* _Work to complete_:
Check each line of the entries for "abrebotella" and report the ones that have it.

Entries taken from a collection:
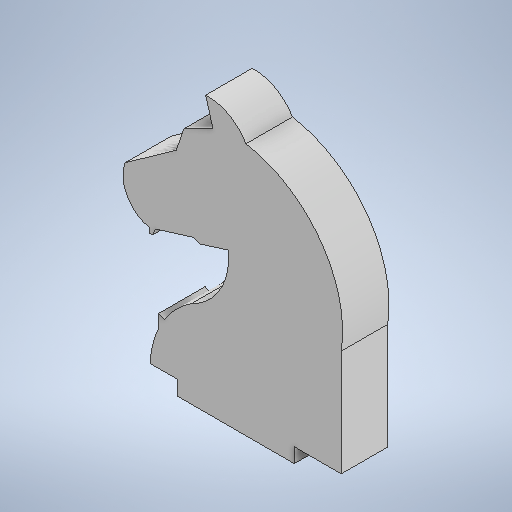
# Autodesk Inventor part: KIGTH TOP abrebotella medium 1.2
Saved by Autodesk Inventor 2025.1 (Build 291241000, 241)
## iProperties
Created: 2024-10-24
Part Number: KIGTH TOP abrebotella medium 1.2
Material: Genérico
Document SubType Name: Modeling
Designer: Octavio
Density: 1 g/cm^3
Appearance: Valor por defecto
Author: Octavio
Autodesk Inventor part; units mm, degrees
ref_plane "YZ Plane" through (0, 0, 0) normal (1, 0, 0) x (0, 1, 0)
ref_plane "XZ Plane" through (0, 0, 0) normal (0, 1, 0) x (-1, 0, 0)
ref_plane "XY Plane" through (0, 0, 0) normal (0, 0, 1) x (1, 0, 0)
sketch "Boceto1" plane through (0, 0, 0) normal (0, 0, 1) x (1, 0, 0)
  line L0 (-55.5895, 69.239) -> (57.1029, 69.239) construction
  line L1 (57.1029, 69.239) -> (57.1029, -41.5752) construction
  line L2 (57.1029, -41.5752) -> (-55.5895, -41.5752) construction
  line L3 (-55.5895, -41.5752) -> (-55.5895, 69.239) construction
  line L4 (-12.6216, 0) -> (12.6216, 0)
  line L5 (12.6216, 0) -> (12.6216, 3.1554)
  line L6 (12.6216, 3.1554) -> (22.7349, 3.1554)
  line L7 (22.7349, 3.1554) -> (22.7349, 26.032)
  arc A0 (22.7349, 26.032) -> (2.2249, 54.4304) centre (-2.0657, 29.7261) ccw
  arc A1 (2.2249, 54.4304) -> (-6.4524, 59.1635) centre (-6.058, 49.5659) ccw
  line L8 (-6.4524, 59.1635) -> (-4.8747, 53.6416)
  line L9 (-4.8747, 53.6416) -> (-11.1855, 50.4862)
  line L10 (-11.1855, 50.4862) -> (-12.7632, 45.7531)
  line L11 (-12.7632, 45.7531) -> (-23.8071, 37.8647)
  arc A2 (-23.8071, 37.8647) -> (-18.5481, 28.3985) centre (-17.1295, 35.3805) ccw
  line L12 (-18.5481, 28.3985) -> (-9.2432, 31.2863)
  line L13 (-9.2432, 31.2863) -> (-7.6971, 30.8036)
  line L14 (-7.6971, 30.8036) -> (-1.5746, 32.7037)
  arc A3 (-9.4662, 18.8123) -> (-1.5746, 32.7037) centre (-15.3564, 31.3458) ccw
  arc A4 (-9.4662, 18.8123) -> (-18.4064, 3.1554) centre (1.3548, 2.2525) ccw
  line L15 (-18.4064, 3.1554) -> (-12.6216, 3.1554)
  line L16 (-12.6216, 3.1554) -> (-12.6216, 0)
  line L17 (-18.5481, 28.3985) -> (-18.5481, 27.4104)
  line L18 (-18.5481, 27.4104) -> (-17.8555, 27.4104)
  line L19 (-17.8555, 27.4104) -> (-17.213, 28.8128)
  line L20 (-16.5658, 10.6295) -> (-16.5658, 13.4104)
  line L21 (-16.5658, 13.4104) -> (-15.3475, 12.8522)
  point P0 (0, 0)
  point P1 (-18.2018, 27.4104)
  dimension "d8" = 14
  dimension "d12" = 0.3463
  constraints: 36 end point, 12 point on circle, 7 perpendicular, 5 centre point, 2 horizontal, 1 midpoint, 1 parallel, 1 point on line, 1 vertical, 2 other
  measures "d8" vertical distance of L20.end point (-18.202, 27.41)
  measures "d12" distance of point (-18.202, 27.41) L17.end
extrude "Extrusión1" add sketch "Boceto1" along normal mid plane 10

* _Answer for this exercise_:
# Autodesk Inventor part: KIGTH TOP abrebotella medium 1.2
Part Number: KIGTH TOP abrebotella medium 1.2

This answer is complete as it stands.